**AVAILABLE RECORDS:**
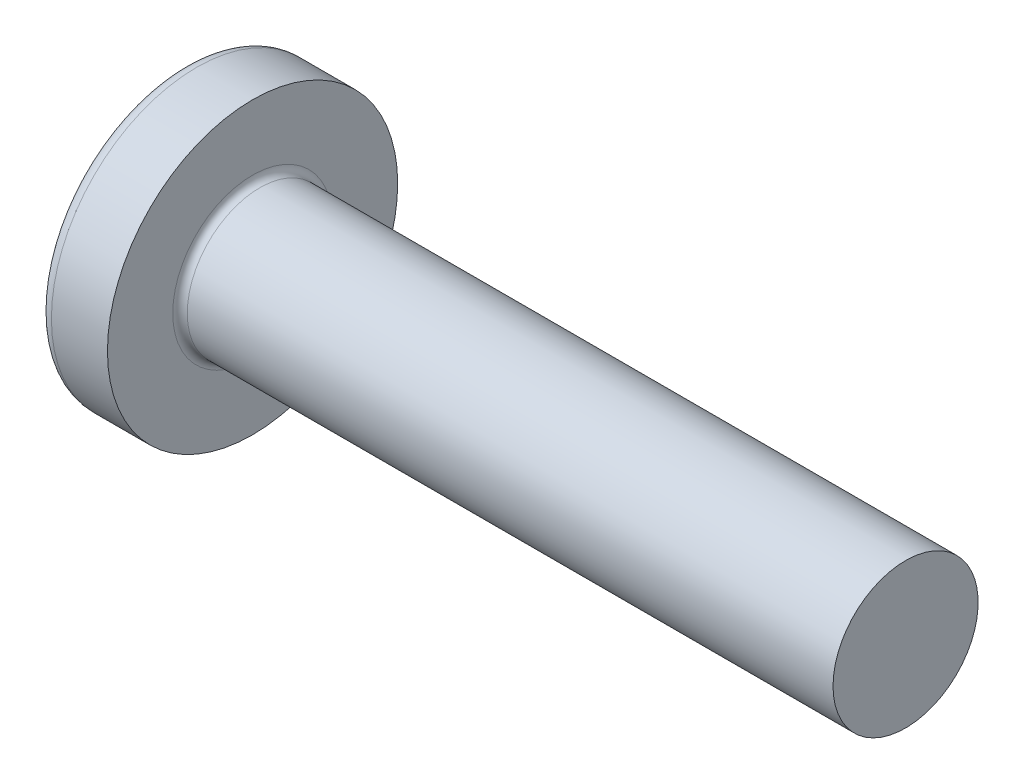
SolidWorks part; units mm, degrees
material "普通碳钢"
ref_plane "Plane1" through (0, 0, 0) normal (0, 0, 1) x (1, 0, 0)
ref_plane "Plane2" through (0, 0, 0) normal (0, 1, 0) x (1, 0, 0)
ref_plane "Plane3" through (0, 0, 0) normal (1, 0, 0) x (0, 0, -1)
sketch "BodySke" plane through (0, 0, 0) normal (0, 0, 1) x (1, 0, 0)
  line L0 (3.1, 2) -> (3.1, 4)
  line L1 (3.45, 6.35) -> (3.45, -3.175) construction
  line L2 (-25.4, 0) -> (127, 0) construction
  line L3 (21.1, 0) -> (0, 0)
  line L4 (3.1, 2) -> (21.1, 2)
  line L5 (21.1, 2) -> (21.1, 0)
  line L6 (1.5553, 4) -> (3.1, 4)
  line L8 (15.1, 6.35) -> (15.1, -3.175) construction
  arc A0 (1.2654, 3.8534) -> (0, 0) centre (6.5, 0) ccw
  arc A2 (1.2654, 3.8534) -> (1.5553, 4) centre (1.5553, 3.64) cw
  dimension "Head_fillet_rad" = 0.36
  dimension "Head_crown_rad" = 6.5
  dimension "Head_ht" = 3.1
  dimension "Diameter" = 4
  dimension "Length" = 18
  dimension "Head_dia" = 8
  dimension "Advance" = 0.7
  dimension "Thread_nom" = 6
revolve "Base-Revolve" add sketch "BodySke"
cosmetic thread "ThreadCosmetic" [suppressed]
fillet "Fillet1" radius 0.2 1 edges at (3.1, 0, 2)
sketch "Sketch3" plane through (0, 0, 0) normal (1, 0, 0) x (0, 0, -1)
  line L0 (0.515, -2.15) -> (-0.515, -2.15)
  line L1 (0.515, -2.15) -> (0.515, 2.15)
  line L2 (-0.515, 2.15) -> (0.515, 2.15)
  line L3 (-0.515, 2.15) -> (-0.515, -2.15)
  dimension "D1" = 2.15
  dimension "Cross_dia" = 4.3
  dimension "D2" = 0.515
  dimension "Cross_width" = 1.03
ref_plane "Plane4" through (2.34, 0, 0) normal (1, 0, 0) x (0, 0, -1)
sketch "Sketch4" plane through (2.34, 0, 0) normal (1, 0, 0) x (0, 0, -1)
  line L0 (0.515, -0.9833) -> (-0.515, -0.9833)
  line L1 (0.515, -0.9833) -> (0.515, 0.9833)
  line L2 (-0.515, 0.9833) -> (0.515, 0.9833)
  line L3 (-0.515, 0.9833) -> (-0.515, -0.9833)
  dimension "D1" = 1.03
  dimension "D2" = 1.9666
  dimension "D3" = 0.515
  dimension "D4" = 0.9833
loft "Recess" cut profiles "Sketch3", "Sketch4"
pattern_circular "RecPat" count 2 every 90 about axis through (0, 0, 0) along (1, 0, 0) of "Recess"
sketch "RecCorSke" plane through (0, 0, 0) normal (0, 0, 1) x (1, 0, 0)
  line L0 (-3.175, 0) -> (15.875, 0) construction
  line L1 (-25.4, 0) -> (127, 0) construction
  line L2 (0, 0) -> (0, 1.0146)
  line L3 (0, 1.0146) -> (2.34, 0.851)
  line L4 (2.34, 0.851) -> (2.6165, 0)
  line L5 (2.6165, 0) -> (0, 0)
  dimension "Diameter" = 1.702
  dimension "Depth" = 2.34
  dimension "Draft_angle" = 4
  dimension "Bottom_angle" = 18
revolve "RecessCore" cut sketch "RecCorSke" angle 360 about L0
sketch "ThdSchSke" plane through (0, 0, 0) normal (0, 0, 1) x (1, 0, 0)
  line L0 (9.1, -1.61) -> (8.8269, -2)
  line L1 (9.1, -1.61) -> (9.3731, -2)
  line L2 (9.3731, -2) -> (9.3731, -2.5)
  line L3 (-3.175, 0) -> (5.1513, 0) construction
  line L5 (9.3731, -2.5) -> (8.8269, -2.5)
  line L6 (8.8269, -2.5) -> (8.8269, -2)
  dimension "Thread_minor" = 3.22
  dimension "Diameter" = 4
  dimension "Start" = 9.1
  dimension "SideAngle" = 55
  dimension "VeeAngle" = 70
  dimension "Overcut" = 5
revolve "ThreadSchematic" [suppressed] cut sketch "ThdSchSke" angle 360 about L3
pattern_linear "ThdSchPat" [suppressed]
sketch "草图1" plane through (21.1, 0, 0) normal (1, 0, 0) x (0, 0, -1)
  circle A0 centre (0, 0) radius 2 construction
  circle A1 centre (0, 0) radius 2
equation "\"D1@Sketch3\" = \"Cross_dia@Sketch3\" / 2"
equation "\"D2@Sketch3\" = \"Cross_width@Sketch3\" / 2"
equation "\"Depth@RecCorSke\" = \"Cross_depth@Plane4\""
equation "\"D1@Sketch4\" = \"Cross_width@Sketch3\""
equation "\"D2@Sketch4\" = \"Cross_dia@Sketch3\" - 2.0 * \"Cross_depth@Plane4\" * tan(26.5  * 0.017453292)"
equation "\"D3@Sketch4\" = \"D1@Sketch4\" / 2"
equation "\"D4@Sketch4\" = \"D2@Sketch4\" / 2"
equation "\"Thread_length@ThreadCosmetic\" = ((sgn( (\"Length@BodySke\" - \"Advance@BodySke\" * 2.0 ) - \"Thread_nom@BodySke\" )-1)*( (\"Length@BodySke\" - \"Advance@BodySke\" * 2.0 ) - \"Thread_nom@BodySke\" ))/-2+ \"Thread_nom@BodySke\""
equation "\"Thread_minor@ThdSchSke\" = \"Thread_minor@ThreadCosmetic\""
equation "\"Diameter@ThdSchSke\" = \"Diameter@BodySke\""
equation "\"Overcut@ThdSchSke\" = \"Diameter@BodySke\" * 1.25"
equation "\"Start@ThdSchSke\" = \"Head_ht@BodySke\" + \"Length@BodySke\" - \"Thread_length@ThreadCosmetic\"  '---Non-countersunk---"
equation "\"Num_threads@ThdSchPat\" = int( \"Thread_length@ThreadCosmetic\" / \"Advance@BodySke\" + 0.999 )  + 1"
equation "\"Advance@ThdSchPat\" = \"Thread_length@ThreadCosmetic\" /  (\"Num_threads@ThdSchPat\" - 1) 'relax it"

**WORK REQUEST:** What is needed is every entry written out word for word, with no pictures.

**SOLUTION:**
SolidWorks part; units mm, degrees
material "普通碳钢"
ref_plane "Plane1" through (0, 0, 0) normal (0, 0, 1) x (1, 0, 0)
ref_plane "Plane2" through (0, 0, 0) normal (0, 1, 0) x (1, 0, 0)
ref_plane "Plane3" through (0, 0, 0) normal (1, 0, 0) x (0, 0, -1)
sketch "BodySke" plane through (0, 0, 0) normal (0, 0, 1) x (1, 0, 0)
  line L0 (3.1, 2) -> (3.1, 4)
  line L1 (3.45, 6.35) -> (3.45, -3.175) construction
  line L2 (-25.4, 0) -> (127, 0) construction
  line L3 (21.1, 0) -> (0, 0)
  line L4 (3.1, 2) -> (21.1, 2)
  line L5 (21.1, 2) -> (21.1, 0)
  line L6 (1.5553, 4) -> (3.1, 4)
  line L8 (15.1, 6.35) -> (15.1, -3.175) construction
  arc A0 (1.2654, 3.8534) -> (0, 0) centre (6.5, 0) ccw
  arc A2 (1.2654, 3.8534) -> (1.5553, 4) centre (1.5553, 3.64) cw
  dimension "Head_fillet_rad" = 0.36
  dimension "Head_crown_rad" = 6.5
  dimension "Head_ht" = 3.1
  dimension "Diameter" = 4
  dimension "Length" = 18
  dimension "Head_dia" = 8
  dimension "Advance" = 0.7
  dimension "Thread_nom" = 6
revolve "Base-Revolve" add sketch "BodySke"
cosmetic thread "ThreadCosmetic" [suppressed]
fillet "Fillet1" radius 0.2 1 edges at (3.1, 0, 2)
sketch "Sketch3" plane through (0, 0, 0) normal (1, 0, 0) x (0, 0, -1)
  line L0 (0.515, -2.15) -> (-0.515, -2.15)
  line L1 (0.515, -2.15) -> (0.515, 2.15)
  line L2 (-0.515, 2.15) -> (0.515, 2.15)
  line L3 (-0.515, 2.15) -> (-0.515, -2.15)
  dimension "D1" = 2.15
  dimension "Cross_dia" = 4.3
  dimension "D2" = 0.515
  dimension "Cross_width" = 1.03
ref_plane "Plane4" through (2.34, 0, 0) normal (1, 0, 0) x (0, 0, -1)
sketch "Sketch4" plane through (2.34, 0, 0) normal (1, 0, 0) x (0, 0, -1)
  line L0 (0.515, -0.9833) -> (-0.515, -0.9833)
  line L1 (0.515, -0.9833) -> (0.515, 0.9833)
  line L2 (-0.515, 0.9833) -> (0.515, 0.9833)
  line L3 (-0.515, 0.9833) -> (-0.515, -0.9833)
  dimension "D1" = 1.03
  dimension "D2" = 1.9666
  dimension "D3" = 0.515
  dimension "D4" = 0.9833
loft "Recess" cut profiles "Sketch3", "Sketch4"
pattern_circular "RecPat" count 2 every 90 about axis through (0, 0, 0) along (1, 0, 0) of "Recess"
sketch "RecCorSke" plane through (0, 0, 0) normal (0, 0, 1) x (1, 0, 0)
  line L0 (-3.175, 0) -> (15.875, 0) construction
  line L1 (-25.4, 0) -> (127, 0) construction
  line L2 (0, 0) -> (0, 1.0146)
  line L3 (0, 1.0146) -> (2.34, 0.851)
  line L4 (2.34, 0.851) -> (2.6165, 0)
  line L5 (2.6165, 0) -> (0, 0)
  dimension "Diameter" = 1.702
  dimension "Depth" = 2.34
  dimension "Draft_angle" = 4
  dimension "Bottom_angle" = 18
revolve "RecessCore" cut sketch "RecCorSke" angle 360 about L0
sketch "ThdSchSke" plane through (0, 0, 0) normal (0, 0, 1) x (1, 0, 0)
  line L0 (9.1, -1.61) -> (8.8269, -2)
  line L1 (9.1, -1.61) -> (9.3731, -2)
  line L2 (9.3731, -2) -> (9.3731, -2.5)
  line L3 (-3.175, 0) -> (5.1513, 0) construction
  line L5 (9.3731, -2.5) -> (8.8269, -2.5)
  line L6 (8.8269, -2.5) -> (8.8269, -2)
  dimension "Thread_minor" = 3.22
  dimension "Diameter" = 4
  dimension "Start" = 9.1
  dimension "SideAngle" = 55
  dimension "VeeAngle" = 70
  dimension "Overcut" = 5
revolve "ThreadSchematic" [suppressed] cut sketch "ThdSchSke" angle 360 about L3
pattern_linear "ThdSchPat" [suppressed]
sketch "草图1" plane through (21.1, 0, 0) normal (1, 0, 0) x (0, 0, -1)
  circle A0 centre (0, 0) radius 2 construction
  circle A1 centre (0, 0) radius 2
equation "\"D1@Sketch3\" = \"Cross_dia@Sketch3\" / 2"
equation "\"D2@Sketch3\" = \"Cross_width@Sketch3\" / 2"
equation "\"Depth@RecCorSke\" = \"Cross_depth@Plane4\""
equation "\"D1@Sketch4\" = \"Cross_width@Sketch3\""
equation "\"D2@Sketch4\" = \"Cross_dia@Sketch3\" - 2.0 * \"Cross_depth@Plane4\" * tan(26.5  * 0.017453292)"
equation "\"D3@Sketch4\" = \"D1@Sketch4\" / 2"
equation "\"D4@Sketch4\" = \"D2@Sketch4\" / 2"
equation "\"Thread_length@ThreadCosmetic\" = ((sgn( (\"Length@BodySke\" - \"Advance@BodySke\" * 2.0 ) - \"Thread_nom@BodySke\" )-1)*( (\"Length@BodySke\" - \"Advance@BodySke\" * 2.0 ) - \"Thread_nom@BodySke\" ))/-2+ \"Thread_nom@BodySke\""
equation "\"Thread_minor@ThdSchSke\" = \"Thread_minor@ThreadCosmetic\""
equation "\"Diameter@ThdSchSke\" = \"Diameter@BodySke\""
equation "\"Overcut@ThdSchSke\" = \"Diameter@BodySke\" * 1.25"
equation "\"Start@ThdSchSke\" = \"Head_ht@BodySke\" + \"Length@BodySke\" - \"Thread_length@ThreadCosmetic\"  '---Non-countersunk---"
equation "\"Num_threads@ThdSchPat\" = int( \"Thread_length@ThreadCosmetic\" / \"Advance@BodySke\" + 0.999 )  + 1"
equation "\"Advance@ThdSchPat\" = \"Thread_length@ThreadCosmetic\" /  (\"Num_threads@ThdSchPat\" - 1) 'relax it"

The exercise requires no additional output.